SOURCE MATERIAL START

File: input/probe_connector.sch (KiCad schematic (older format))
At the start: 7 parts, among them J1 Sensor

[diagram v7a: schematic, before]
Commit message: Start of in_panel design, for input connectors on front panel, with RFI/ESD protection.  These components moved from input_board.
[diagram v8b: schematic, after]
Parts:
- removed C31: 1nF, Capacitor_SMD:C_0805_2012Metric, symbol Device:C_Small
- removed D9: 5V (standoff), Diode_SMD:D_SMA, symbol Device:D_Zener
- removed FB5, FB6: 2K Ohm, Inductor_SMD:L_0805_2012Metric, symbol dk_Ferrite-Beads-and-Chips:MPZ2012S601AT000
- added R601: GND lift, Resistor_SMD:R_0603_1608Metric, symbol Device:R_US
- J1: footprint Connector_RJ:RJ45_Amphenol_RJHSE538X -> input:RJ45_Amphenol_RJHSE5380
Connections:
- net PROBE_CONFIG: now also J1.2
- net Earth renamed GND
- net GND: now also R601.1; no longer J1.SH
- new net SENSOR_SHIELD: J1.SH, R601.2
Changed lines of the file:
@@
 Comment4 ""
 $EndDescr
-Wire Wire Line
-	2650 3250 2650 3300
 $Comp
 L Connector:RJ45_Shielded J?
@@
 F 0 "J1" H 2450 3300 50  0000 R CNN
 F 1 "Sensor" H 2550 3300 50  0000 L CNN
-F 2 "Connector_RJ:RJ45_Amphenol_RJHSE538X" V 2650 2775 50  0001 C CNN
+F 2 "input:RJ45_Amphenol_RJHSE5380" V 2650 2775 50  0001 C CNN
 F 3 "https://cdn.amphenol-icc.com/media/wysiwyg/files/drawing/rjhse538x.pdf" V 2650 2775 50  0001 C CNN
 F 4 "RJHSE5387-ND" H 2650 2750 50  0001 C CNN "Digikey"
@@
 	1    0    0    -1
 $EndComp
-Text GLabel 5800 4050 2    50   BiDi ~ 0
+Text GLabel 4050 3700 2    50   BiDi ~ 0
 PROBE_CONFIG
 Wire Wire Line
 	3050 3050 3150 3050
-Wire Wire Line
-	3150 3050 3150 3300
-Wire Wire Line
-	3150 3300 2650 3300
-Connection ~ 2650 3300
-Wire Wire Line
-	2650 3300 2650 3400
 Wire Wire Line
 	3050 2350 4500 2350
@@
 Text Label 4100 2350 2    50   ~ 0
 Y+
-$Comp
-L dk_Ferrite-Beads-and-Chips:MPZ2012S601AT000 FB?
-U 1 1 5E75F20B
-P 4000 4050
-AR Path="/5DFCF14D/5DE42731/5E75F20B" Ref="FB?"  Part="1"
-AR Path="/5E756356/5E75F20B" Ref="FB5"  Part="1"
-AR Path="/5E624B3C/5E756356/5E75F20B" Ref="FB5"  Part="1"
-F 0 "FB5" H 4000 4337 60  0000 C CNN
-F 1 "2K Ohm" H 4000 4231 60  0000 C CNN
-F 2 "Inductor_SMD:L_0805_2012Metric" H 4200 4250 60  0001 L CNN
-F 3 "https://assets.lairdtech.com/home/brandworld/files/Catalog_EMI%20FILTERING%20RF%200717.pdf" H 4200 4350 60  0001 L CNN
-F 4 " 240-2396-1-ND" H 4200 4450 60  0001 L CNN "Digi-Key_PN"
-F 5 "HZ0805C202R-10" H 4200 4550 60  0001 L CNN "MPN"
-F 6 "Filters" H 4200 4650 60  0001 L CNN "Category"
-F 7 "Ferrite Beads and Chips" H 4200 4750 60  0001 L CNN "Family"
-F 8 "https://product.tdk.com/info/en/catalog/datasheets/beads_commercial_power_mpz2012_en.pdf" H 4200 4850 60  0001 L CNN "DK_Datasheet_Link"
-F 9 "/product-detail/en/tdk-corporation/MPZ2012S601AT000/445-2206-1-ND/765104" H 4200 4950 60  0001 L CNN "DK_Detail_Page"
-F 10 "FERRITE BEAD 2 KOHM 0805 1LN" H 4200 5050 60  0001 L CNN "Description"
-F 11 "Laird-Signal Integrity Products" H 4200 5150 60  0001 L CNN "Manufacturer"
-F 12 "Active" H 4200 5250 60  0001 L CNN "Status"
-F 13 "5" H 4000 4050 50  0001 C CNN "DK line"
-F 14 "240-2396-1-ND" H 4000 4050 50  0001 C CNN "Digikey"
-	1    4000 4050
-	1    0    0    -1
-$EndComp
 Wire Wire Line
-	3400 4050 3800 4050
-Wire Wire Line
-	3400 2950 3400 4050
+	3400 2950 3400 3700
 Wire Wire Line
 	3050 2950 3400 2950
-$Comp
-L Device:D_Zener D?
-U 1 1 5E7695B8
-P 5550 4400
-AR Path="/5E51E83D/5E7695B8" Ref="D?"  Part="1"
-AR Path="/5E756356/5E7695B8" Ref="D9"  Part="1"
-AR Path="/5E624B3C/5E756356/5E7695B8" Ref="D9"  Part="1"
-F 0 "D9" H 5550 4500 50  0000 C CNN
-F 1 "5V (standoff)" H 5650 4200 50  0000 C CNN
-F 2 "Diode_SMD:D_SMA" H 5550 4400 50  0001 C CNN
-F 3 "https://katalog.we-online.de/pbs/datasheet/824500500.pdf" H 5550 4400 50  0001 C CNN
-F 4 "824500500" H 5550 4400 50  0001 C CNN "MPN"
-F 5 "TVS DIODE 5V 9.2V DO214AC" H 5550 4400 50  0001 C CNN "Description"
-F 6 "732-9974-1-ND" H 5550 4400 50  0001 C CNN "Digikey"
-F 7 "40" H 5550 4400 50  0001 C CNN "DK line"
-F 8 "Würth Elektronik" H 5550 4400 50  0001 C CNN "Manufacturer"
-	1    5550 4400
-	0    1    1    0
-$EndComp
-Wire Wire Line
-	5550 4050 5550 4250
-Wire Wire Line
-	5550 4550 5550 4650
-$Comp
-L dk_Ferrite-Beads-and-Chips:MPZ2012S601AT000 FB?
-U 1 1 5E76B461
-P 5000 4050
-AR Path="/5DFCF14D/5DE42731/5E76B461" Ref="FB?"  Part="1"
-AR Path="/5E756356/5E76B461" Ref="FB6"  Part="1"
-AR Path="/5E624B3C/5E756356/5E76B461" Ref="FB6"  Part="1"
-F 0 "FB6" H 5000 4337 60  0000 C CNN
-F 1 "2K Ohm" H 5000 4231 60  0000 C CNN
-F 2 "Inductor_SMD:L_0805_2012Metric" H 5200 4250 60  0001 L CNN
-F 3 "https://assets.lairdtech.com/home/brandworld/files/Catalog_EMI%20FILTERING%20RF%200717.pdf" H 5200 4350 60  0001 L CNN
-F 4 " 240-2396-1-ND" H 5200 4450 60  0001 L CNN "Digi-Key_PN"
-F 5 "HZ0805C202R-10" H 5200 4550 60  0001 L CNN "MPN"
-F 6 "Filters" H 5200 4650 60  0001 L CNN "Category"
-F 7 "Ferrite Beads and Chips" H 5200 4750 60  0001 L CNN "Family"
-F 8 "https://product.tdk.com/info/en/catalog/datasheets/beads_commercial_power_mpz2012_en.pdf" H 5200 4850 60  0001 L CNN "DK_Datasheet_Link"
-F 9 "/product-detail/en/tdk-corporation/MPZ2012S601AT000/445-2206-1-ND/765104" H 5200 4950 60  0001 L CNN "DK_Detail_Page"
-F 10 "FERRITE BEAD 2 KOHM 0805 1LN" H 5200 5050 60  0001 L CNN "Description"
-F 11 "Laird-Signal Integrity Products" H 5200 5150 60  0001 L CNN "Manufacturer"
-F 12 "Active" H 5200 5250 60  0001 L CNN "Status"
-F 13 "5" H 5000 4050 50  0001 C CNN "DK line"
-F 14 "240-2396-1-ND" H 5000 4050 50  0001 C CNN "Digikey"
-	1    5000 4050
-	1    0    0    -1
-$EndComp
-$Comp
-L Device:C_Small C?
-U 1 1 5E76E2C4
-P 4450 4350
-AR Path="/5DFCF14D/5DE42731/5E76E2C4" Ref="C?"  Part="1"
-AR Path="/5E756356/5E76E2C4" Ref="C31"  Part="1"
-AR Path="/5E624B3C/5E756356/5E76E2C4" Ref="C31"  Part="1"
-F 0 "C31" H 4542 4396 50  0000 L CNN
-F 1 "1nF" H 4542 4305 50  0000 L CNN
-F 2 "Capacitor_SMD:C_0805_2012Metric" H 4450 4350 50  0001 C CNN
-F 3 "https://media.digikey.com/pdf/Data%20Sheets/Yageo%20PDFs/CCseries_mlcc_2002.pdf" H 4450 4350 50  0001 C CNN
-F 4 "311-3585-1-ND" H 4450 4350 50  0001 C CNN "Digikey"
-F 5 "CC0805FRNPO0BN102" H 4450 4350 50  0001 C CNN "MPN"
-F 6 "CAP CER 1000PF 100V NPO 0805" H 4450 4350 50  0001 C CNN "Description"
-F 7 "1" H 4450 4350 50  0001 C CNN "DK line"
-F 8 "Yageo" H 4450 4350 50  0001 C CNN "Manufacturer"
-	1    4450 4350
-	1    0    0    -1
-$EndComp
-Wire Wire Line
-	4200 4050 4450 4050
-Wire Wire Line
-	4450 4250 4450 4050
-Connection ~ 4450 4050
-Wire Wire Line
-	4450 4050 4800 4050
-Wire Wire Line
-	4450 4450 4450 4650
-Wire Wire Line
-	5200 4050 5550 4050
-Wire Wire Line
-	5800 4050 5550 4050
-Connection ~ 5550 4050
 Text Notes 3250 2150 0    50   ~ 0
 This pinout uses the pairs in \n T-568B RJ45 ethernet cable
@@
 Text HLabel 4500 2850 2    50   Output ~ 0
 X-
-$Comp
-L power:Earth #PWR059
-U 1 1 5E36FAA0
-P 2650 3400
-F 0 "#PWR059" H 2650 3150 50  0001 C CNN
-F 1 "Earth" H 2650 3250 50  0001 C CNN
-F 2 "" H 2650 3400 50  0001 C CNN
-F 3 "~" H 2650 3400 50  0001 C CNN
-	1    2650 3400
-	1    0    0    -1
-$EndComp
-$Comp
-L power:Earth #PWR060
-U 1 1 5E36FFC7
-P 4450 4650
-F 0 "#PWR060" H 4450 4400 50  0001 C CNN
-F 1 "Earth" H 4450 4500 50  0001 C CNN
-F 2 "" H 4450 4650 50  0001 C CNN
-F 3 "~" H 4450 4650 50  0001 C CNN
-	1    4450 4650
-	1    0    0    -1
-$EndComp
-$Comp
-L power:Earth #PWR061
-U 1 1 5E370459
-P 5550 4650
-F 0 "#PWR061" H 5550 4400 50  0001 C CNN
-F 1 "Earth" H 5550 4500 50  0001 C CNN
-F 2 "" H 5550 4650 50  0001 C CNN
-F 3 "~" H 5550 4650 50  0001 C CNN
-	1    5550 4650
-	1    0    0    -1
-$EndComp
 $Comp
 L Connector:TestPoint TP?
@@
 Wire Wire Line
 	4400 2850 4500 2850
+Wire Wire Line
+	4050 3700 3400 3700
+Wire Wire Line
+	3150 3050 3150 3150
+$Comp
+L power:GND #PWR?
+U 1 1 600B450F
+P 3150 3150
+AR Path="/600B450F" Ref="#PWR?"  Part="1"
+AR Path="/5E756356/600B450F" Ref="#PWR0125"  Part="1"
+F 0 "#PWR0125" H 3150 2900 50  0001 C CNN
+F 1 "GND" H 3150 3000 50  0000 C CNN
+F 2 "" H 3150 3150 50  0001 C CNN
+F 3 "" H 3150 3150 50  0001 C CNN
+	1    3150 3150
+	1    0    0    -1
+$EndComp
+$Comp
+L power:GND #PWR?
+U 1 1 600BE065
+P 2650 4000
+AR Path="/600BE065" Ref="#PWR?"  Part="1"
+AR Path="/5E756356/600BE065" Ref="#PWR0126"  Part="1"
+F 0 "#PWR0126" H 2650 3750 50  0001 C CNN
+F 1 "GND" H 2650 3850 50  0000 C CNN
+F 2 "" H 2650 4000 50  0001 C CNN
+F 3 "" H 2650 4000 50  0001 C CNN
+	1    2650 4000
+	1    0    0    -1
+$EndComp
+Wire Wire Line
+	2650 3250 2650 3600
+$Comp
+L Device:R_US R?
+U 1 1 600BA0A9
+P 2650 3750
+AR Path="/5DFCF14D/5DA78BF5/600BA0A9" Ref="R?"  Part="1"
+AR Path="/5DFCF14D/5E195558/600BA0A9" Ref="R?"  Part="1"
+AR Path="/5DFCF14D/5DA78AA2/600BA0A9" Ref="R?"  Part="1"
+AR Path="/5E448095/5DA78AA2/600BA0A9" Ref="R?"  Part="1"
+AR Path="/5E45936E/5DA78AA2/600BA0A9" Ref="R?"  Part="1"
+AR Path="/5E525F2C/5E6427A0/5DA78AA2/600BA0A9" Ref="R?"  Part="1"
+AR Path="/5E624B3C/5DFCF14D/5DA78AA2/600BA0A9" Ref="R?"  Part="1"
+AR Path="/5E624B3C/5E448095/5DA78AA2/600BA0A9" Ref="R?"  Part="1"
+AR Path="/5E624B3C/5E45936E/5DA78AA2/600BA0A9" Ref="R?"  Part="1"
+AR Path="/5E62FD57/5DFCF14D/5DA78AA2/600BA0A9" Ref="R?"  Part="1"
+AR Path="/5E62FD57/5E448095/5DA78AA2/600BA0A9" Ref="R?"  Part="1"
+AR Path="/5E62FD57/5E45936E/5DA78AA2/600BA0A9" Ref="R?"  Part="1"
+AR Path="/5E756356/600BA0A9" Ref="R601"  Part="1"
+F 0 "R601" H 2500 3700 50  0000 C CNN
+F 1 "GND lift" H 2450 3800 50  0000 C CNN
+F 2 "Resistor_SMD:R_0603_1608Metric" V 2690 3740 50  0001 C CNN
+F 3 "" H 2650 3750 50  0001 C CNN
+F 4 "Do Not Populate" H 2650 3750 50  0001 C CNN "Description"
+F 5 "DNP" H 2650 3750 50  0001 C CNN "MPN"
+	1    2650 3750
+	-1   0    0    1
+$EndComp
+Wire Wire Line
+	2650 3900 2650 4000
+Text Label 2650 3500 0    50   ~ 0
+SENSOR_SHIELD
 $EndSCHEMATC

SOURCE MATERIAL END

§ WHAT YOU NEED TO DO: Identify every line above with the string "Signal" in it. Copy those lines.

§ ANSWER BOX:
-F 11 "Laird-Signal Integrity Products" H 4200 5150 60  0001 L CNN "Manufacturer"
-F 11 "Laird-Signal Integrity Products" H 5200 5150 60  0001 L CNN "Manufacturer"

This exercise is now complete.